===== Available data =====

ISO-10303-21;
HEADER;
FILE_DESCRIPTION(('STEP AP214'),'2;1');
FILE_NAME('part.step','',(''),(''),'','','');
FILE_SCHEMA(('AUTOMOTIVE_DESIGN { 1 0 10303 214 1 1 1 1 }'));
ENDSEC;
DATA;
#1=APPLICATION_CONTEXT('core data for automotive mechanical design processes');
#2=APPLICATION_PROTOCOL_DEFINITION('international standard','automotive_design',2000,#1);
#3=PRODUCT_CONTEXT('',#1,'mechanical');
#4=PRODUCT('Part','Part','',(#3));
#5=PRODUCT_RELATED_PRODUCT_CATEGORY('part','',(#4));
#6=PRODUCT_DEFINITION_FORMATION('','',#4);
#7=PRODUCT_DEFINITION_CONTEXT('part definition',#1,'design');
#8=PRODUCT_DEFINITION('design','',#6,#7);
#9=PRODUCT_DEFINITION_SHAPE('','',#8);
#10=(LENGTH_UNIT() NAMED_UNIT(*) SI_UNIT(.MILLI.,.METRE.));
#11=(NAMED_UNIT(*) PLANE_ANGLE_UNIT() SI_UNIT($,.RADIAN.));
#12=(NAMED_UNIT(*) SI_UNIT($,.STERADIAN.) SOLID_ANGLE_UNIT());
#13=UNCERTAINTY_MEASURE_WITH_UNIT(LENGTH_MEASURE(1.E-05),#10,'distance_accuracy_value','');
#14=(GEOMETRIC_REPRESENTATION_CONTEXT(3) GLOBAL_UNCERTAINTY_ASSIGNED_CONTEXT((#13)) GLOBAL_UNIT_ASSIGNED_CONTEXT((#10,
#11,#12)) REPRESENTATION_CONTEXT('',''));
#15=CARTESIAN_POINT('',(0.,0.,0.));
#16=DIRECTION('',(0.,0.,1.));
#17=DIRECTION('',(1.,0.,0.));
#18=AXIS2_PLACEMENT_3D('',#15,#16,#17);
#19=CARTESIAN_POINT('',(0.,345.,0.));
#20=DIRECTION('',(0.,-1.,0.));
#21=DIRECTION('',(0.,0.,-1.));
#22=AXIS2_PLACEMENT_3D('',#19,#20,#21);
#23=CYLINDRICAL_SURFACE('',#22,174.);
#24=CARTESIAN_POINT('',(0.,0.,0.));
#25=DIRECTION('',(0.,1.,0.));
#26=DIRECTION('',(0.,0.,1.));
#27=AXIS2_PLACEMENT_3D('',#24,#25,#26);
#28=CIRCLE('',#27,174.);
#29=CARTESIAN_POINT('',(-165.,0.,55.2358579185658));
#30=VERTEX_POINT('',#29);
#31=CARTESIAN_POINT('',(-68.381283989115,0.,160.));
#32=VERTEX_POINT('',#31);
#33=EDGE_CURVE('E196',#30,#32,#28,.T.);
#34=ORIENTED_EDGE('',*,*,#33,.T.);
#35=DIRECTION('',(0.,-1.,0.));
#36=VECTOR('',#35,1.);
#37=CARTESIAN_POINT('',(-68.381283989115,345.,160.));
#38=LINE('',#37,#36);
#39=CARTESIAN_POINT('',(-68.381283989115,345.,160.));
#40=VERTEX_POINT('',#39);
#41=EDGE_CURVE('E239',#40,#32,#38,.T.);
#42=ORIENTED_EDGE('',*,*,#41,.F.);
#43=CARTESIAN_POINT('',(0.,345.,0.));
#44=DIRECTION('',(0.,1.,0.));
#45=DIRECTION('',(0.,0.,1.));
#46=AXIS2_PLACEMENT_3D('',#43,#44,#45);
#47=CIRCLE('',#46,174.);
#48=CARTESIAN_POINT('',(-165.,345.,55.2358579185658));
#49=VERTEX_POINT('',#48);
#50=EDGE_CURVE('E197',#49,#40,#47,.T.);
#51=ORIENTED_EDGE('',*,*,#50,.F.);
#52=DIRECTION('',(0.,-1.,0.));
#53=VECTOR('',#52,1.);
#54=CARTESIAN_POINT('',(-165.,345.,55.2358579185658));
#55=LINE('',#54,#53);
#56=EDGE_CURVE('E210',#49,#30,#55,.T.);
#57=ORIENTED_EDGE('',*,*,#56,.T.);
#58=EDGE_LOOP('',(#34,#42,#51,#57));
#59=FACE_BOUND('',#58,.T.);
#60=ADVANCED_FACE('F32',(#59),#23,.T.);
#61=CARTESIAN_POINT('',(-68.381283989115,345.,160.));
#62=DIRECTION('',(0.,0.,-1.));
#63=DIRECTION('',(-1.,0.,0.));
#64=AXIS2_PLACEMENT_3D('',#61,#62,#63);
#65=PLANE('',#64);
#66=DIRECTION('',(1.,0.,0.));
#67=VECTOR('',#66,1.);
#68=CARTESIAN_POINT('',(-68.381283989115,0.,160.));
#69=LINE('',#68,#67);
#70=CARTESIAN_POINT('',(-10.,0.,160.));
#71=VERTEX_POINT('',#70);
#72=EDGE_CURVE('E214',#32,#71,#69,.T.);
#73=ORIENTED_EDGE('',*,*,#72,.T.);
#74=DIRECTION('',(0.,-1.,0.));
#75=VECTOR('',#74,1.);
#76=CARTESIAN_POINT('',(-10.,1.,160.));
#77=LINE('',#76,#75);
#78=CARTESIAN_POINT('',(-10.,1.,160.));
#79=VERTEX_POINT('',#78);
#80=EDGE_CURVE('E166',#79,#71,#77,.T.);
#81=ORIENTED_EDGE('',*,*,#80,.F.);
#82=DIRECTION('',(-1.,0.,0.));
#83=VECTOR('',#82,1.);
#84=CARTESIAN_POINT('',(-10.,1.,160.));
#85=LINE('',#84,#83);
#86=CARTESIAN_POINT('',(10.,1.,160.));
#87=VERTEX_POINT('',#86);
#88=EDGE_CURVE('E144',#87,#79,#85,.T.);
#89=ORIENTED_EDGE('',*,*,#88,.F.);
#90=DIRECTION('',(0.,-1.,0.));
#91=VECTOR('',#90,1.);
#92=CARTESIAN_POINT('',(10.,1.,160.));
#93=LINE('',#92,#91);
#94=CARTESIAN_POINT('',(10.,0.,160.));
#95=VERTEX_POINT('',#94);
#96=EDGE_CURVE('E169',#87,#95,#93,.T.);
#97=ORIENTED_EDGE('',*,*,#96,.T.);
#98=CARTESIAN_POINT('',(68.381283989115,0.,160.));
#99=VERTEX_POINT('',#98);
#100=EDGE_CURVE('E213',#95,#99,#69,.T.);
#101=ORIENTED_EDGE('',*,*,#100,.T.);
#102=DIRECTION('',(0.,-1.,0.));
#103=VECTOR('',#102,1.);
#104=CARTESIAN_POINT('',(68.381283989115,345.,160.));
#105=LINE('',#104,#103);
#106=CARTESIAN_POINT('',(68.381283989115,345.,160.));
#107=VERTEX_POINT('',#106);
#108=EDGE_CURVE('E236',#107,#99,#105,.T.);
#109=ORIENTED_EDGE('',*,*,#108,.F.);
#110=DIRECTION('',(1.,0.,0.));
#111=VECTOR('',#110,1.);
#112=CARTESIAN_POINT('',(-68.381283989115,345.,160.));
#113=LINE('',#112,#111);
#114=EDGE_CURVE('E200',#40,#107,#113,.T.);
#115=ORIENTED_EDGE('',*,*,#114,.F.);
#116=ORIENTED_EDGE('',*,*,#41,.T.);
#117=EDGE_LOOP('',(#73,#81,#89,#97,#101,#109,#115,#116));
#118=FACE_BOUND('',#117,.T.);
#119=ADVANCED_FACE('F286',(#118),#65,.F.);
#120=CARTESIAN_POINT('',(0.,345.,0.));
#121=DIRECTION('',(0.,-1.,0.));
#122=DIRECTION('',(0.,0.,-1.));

=====

■ What you need to do:
Using the material above, print word for word the lines from the one holding "#95=VERTEX_POINT('',#94);" through the last line.

■ Response box:
#95=VERTEX_POINT('',#94);
#96=EDGE_CURVE('E169',#87,#95,#93,.T.);
#97=ORIENTED_EDGE('',*,*,#96,.T.);
#98=CARTESIAN_POINT('',(68.381283989115,0.,160.));
#99=VERTEX_POINT('',#98);
#100=EDGE_CURVE('E213',#95,#99,#69,.T.);
#101=ORIENTED_EDGE('',*,*,#100,.T.);
#102=DIRECTION('',(0.,-1.,0.));
#103=VECTOR('',#102,1.);
#104=CARTESIAN_POINT('',(68.381283989115,345.,160.));
#105=LINE('',#104,#103);
#106=CARTESIAN_POINT('',(68.381283989115,345.,160.));
#107=VERTEX_POINT('',#106);
#108=EDGE_CURVE('E236',#107,#99,#105,.T.);
#109=ORIENTED_EDGE('',*,*,#108,.F.);
#110=DIRECTION('',(1.,0.,0.));
#111=VECTOR('',#110,1.);
#112=CARTESIAN_POINT('',(-68.381283989115,345.,160.));
#113=LINE('',#112,#111);
#114=EDGE_CURVE('E200',#40,#107,#113,.T.);
#115=ORIENTED_EDGE('',*,*,#114,.F.);
#116=ORIENTED_EDGE('',*,*,#41,.T.);
#117=EDGE_LOOP('',(#73,#81,#89,#97,#101,#109,#115,#116));
#118=FACE_BOUND('',#117,.T.);
#119=ADVANCED_FACE('F286',(#118),#65,.F.);
#120=CARTESIAN_POINT('',(0.,345.,0.));
#121=DIRECTION('',(0.,-1.,0.));
#122=DIRECTION('',(0.,0.,-1.));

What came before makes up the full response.